(Records for this exercise)
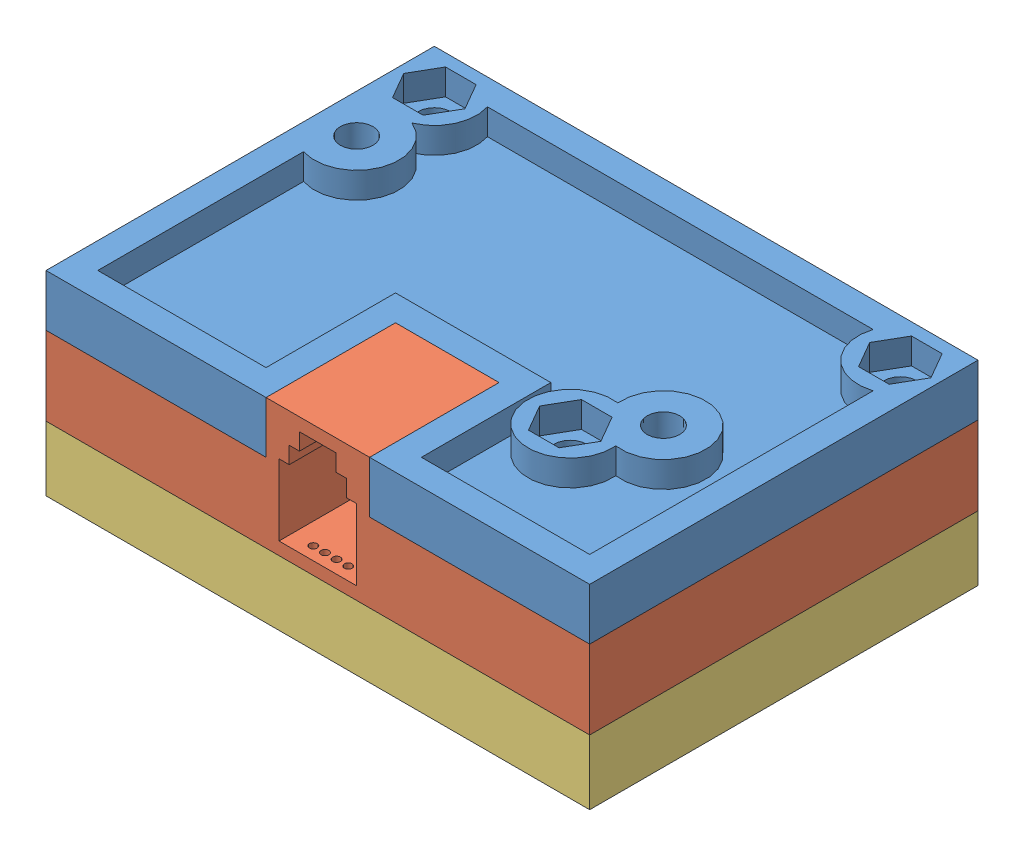
SolidWorks assembly boulderino, configuration Default. Lengths in mm.
Overall size (53.34 19.15 49.81).
3 component instances, 3 part files, 6 mates.
Components (placement in the parent):
- base-1: base [Default] at (-32.5873 -12.2299 25.5047) size (53.34 5.08 38.1)
- breadboard-1: breadboard [Default] at (-32.5873 -12.2299 25.5047) x (-1 0 0) z (0 0 1) size (53.34 13.31 49.81)
- top-1: top [Default] at (-32.5873 -19.9515 25.5047) x (1 0 0) z (0 0 -1) size (53.34 6.35 38.1)
Mates (geometry in assembly coordinates):
- Coincident13: coincident aligned: axis of breadboard-1 through (-9.7273 -19.9515 10.2647) axis (0 1 0); axis of top-1 through (-9.7273 -26.3015 10.2647) axis (0 1 0)
- Coincident15: coincident aligned: axis of breadboard-1 through (-55.4473 -19.9515 10.2647) axis (0 1 0); axis of top-1 through (-55.4473 -26.3015 10.2647) axis (0 1 0)
- Coincident17: coincident anti-aligned: axis of base-1 through (-9.7273 -9.6899 10.2647) axis (0 -1 0); axis of top-1 through (-9.7273 -26.3015 10.2647) axis (0 1 0)
- Coincident18: coincident anti-aligned: axis of base-1 through (-55.4473 -9.6899 10.2647) axis (0 -1 0); axis of breadboard-1 through (-55.4473 -19.9515 10.2647) axis (0 1 0)
- Coincident19: coincident: plane of breadboard-1 through (-5.9173 -19.9515 44.5547) normal (0 -1 0); line of top-1 through (-59.2573 -19.9515 6.4547) axis (1 0 0)
- Coincident20: coincident: plane of base-1 through (-37.6673 -12.2299 31.8547) normal (0 -1 0); line of breadboard-1 through (-59.2573 -12.2299 6.4547) axis (1 0 0)
(End Records for this exercise)
Work task
Could you reproduce the records above exactly, leaving out the pictures?

Response to the task
SolidWorks assembly boulderino, configuration Default. Lengths in mm.
Overall size (53.34 19.15 49.81).
3 component instances, 3 part files, 6 mates.
Components (placement in the parent):
- base-1: base [Default] at (-32.5873 -12.2299 25.5047) size (53.34 5.08 38.1)
- breadboard-1: breadboard [Default] at (-32.5873 -12.2299 25.5047) x (-1 0 0) z (0 0 1) size (53.34 13.31 49.81)
- top-1: top [Default] at (-32.5873 -19.9515 25.5047) x (1 0 0) z (0 0 -1) size (53.34 6.35 38.1)
Mates (geometry in assembly coordinates):
- Coincident13: coincident aligned: axis of breadboard-1 through (-9.7273 -19.9515 10.2647) axis (0 1 0); axis of top-1 through (-9.7273 -26.3015 10.2647) axis (0 1 0)
- Coincident15: coincident aligned: axis of breadboard-1 through (-55.4473 -19.9515 10.2647) axis (0 1 0); axis of top-1 through (-55.4473 -26.3015 10.2647) axis (0 1 0)
- Coincident17: coincident anti-aligned: axis of base-1 through (-9.7273 -9.6899 10.2647) axis (0 -1 0); axis of top-1 through (-9.7273 -26.3015 10.2647) axis (0 1 0)
- Coincident18: coincident anti-aligned: axis of base-1 through (-55.4473 -9.6899 10.2647) axis (0 -1 0); axis of breadboard-1 through (-55.4473 -19.9515 10.2647) axis (0 1 0)
- Coincident19: coincident: plane of breadboard-1 through (-5.9173 -19.9515 44.5547) normal (0 -1 0); line of top-1 through (-59.2573 -19.9515 6.4547) axis (1 0 0)
- Coincident20: coincident: plane of base-1 through (-37.6673 -12.2299 31.8547) normal (0 -1 0); line of breadboard-1 through (-59.2573 -12.2299 6.4547) axis (1 0 0)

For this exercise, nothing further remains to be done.